*The task*
Only the lines from the beginning of the data below through the line that contains "dataIn_38 : Inport" should be repeated, exactly as written.

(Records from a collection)
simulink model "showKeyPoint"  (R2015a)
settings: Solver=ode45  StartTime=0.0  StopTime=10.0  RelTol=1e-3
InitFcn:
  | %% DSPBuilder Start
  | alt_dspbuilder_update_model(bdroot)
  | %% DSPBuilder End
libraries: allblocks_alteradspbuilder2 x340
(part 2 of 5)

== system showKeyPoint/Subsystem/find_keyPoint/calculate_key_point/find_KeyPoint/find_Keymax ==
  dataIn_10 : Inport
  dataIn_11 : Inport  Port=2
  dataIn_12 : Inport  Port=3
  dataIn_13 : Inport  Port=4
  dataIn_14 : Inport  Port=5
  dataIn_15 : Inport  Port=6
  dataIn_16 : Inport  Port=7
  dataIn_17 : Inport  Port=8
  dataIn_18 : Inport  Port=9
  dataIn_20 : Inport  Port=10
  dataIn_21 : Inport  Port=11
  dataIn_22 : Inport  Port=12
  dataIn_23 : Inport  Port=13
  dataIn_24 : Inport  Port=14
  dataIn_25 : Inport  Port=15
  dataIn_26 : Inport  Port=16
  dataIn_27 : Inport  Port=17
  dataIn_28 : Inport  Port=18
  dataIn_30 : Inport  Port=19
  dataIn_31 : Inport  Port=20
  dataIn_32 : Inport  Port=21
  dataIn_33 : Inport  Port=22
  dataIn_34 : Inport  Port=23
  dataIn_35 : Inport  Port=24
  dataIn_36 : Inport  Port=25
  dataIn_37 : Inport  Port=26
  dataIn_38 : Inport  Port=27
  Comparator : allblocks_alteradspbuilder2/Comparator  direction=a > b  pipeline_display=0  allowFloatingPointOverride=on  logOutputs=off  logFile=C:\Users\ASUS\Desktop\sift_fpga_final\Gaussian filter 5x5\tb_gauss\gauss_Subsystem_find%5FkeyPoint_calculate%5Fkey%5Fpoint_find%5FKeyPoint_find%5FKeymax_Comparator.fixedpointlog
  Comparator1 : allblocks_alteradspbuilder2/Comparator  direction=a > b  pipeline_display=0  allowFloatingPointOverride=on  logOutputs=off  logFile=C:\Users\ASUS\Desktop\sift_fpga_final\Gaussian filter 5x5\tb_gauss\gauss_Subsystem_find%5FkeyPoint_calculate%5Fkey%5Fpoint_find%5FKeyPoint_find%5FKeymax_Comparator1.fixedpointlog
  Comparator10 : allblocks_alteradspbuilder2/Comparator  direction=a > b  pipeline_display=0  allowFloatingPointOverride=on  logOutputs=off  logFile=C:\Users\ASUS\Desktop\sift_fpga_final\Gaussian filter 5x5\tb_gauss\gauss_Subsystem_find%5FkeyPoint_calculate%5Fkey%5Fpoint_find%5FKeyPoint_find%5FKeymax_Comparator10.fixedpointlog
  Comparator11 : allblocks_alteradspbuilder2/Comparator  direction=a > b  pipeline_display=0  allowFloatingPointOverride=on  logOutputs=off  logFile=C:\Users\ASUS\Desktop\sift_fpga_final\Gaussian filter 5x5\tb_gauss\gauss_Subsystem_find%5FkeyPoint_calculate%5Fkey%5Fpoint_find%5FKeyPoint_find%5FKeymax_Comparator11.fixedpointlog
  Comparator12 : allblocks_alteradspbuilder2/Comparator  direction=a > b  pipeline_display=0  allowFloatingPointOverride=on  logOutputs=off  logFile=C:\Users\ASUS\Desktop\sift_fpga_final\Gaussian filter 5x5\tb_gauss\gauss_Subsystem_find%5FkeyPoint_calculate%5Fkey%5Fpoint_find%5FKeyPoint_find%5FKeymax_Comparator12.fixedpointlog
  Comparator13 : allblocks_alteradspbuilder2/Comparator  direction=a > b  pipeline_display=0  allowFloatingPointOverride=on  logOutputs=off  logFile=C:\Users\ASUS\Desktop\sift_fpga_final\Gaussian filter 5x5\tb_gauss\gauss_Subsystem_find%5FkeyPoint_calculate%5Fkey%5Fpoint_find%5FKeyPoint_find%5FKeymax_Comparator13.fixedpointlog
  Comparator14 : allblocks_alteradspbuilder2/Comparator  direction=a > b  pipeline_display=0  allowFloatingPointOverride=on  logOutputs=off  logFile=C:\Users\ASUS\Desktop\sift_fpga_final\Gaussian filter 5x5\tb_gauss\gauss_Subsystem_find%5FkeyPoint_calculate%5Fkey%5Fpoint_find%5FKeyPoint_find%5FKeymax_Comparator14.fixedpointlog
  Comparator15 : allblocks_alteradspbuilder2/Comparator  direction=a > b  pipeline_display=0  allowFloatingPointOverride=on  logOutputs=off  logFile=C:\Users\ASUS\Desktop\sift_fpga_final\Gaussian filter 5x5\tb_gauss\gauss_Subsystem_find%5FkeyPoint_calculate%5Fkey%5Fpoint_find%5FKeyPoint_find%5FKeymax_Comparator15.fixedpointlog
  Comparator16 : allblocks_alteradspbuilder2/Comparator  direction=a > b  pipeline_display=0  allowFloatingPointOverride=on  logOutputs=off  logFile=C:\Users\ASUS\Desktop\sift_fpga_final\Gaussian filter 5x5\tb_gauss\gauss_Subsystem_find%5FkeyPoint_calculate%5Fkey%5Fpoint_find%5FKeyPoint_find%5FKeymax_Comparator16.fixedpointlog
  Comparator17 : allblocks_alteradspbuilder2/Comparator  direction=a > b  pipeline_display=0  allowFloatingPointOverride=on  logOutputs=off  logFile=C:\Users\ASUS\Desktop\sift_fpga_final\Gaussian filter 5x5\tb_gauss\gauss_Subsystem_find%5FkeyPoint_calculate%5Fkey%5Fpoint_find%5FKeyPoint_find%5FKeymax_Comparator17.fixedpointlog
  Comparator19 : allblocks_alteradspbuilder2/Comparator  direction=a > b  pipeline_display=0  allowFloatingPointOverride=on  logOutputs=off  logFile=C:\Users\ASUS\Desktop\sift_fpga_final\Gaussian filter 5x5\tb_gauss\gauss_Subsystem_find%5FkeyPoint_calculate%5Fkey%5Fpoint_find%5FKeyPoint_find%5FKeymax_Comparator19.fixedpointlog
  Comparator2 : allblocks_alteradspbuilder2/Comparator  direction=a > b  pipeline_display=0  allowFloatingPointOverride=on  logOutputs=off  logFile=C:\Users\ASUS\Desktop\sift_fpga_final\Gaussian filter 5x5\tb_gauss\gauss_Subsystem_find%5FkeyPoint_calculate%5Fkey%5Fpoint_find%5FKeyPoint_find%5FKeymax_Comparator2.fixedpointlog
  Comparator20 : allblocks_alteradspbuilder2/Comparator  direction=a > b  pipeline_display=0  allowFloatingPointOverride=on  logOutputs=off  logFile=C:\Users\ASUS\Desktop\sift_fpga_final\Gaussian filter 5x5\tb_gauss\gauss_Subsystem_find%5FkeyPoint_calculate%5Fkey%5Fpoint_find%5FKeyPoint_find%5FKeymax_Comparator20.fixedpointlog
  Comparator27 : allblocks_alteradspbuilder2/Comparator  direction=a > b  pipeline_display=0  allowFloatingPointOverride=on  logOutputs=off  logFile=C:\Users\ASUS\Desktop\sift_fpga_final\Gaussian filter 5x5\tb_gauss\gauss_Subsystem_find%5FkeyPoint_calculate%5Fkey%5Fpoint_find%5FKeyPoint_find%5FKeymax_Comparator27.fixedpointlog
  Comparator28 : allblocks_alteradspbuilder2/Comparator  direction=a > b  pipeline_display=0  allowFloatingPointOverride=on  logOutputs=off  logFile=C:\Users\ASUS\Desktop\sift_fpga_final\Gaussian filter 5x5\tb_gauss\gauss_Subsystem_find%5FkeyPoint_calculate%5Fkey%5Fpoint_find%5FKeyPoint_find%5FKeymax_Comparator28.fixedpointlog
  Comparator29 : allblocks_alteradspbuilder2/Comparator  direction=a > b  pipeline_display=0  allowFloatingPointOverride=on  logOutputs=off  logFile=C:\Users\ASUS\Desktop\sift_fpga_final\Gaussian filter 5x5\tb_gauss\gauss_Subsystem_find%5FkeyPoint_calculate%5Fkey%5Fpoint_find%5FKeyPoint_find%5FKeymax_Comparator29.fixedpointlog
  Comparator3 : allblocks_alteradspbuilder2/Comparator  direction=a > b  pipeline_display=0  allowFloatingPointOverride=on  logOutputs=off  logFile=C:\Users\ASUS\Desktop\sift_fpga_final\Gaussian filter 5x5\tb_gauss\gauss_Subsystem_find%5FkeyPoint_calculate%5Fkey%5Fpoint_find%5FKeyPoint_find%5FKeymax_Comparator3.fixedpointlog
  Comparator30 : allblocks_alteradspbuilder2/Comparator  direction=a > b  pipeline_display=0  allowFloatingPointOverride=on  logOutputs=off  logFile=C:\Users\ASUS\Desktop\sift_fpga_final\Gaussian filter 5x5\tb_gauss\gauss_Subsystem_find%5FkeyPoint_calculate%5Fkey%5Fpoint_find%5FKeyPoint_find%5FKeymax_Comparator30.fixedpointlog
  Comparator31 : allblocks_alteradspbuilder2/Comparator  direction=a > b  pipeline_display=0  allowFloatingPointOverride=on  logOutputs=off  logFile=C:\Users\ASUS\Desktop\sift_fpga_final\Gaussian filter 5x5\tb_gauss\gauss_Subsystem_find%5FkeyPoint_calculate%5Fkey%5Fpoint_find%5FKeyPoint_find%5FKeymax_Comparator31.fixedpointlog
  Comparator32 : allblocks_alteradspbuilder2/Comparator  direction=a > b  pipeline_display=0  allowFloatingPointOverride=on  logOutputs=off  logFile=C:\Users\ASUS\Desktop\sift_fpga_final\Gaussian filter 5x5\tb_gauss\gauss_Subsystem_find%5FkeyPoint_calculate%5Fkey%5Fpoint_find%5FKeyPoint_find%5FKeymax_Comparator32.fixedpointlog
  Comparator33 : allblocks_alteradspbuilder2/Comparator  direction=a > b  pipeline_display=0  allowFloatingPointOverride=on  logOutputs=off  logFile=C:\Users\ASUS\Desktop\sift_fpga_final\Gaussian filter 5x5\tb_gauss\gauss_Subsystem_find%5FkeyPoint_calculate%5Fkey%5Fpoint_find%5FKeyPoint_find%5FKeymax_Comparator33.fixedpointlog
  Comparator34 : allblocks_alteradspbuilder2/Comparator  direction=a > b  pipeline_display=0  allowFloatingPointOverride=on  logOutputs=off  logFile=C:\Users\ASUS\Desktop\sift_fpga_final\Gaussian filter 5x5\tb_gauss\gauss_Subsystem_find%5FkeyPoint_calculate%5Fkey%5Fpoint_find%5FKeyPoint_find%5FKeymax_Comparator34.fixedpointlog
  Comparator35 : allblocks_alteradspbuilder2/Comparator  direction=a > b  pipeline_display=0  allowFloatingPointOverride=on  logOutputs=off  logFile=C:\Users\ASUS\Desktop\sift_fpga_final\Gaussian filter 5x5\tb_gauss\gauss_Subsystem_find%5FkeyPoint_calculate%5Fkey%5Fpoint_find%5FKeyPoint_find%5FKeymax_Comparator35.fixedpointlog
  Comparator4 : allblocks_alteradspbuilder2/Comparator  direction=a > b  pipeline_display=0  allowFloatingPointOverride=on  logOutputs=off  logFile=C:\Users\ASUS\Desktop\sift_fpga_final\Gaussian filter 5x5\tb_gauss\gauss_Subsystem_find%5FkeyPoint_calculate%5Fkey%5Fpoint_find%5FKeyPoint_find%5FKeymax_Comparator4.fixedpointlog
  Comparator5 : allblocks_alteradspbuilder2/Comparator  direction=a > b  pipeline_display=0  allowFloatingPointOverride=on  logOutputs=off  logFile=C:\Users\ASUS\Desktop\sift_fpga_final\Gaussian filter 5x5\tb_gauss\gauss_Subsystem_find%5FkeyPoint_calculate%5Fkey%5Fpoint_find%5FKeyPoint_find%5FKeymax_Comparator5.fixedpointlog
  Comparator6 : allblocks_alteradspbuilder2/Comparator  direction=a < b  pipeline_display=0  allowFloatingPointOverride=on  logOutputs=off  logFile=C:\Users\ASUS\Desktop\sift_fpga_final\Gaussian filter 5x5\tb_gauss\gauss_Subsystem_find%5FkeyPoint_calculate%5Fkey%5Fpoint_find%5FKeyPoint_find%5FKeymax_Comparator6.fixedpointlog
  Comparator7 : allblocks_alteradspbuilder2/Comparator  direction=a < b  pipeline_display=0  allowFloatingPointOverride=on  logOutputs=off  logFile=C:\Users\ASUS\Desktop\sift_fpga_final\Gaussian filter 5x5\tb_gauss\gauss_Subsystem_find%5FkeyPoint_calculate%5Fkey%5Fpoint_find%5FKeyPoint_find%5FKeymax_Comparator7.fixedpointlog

*Completed task*
simulink model "showKeyPoint"  (R2015a)
settings: Solver=ode45  StartTime=0.0  StopTime=10.0  RelTol=1e-3
InitFcn:
  | %% DSPBuilder Start
  | alt_dspbuilder_update_model(bdroot)
  | %% DSPBuilder End
libraries: allblocks_alteradspbuilder2 x340
(part 2 of 5)

== system showKeyPoint/Subsystem/find_keyPoint/calculate_key_point/find_KeyPoint/find_Keymax ==
  dataIn_10 : Inport
  dataIn_11 : Inport  Port=2
  dataIn_12 : Inport  Port=3
  dataIn_13 : Inport  Port=4
  dataIn_14 : Inport  Port=5
  dataIn_15 : Inport  Port=6
  dataIn_16 : Inport  Port=7
  dataIn_17 : Inport  Port=8
  dataIn_18 : Inport  Port=9
  dataIn_20 : Inport  Port=10
  dataIn_21 : Inport  Port=11
  dataIn_22 : Inport  Port=12
  dataIn_23 : Inport  Port=13
  dataIn_24 : Inport  Port=14
  dataIn_25 : Inport  Port=15
  dataIn_26 : Inport  Port=16
  dataIn_27 : Inport  Port=17
  dataIn_28 : Inport  Port=18
  dataIn_30 : Inport  Port=19
  dataIn_31 : Inport  Port=20
  dataIn_32 : Inport  Port=21
  dataIn_33 : Inport  Port=22
  dataIn_34 : Inport  Port=23
  dataIn_35 : Inport  Port=24
  dataIn_36 : Inport  Port=25
  dataIn_37 : Inport  Port=26
  dataIn_38 : Inport  Port=27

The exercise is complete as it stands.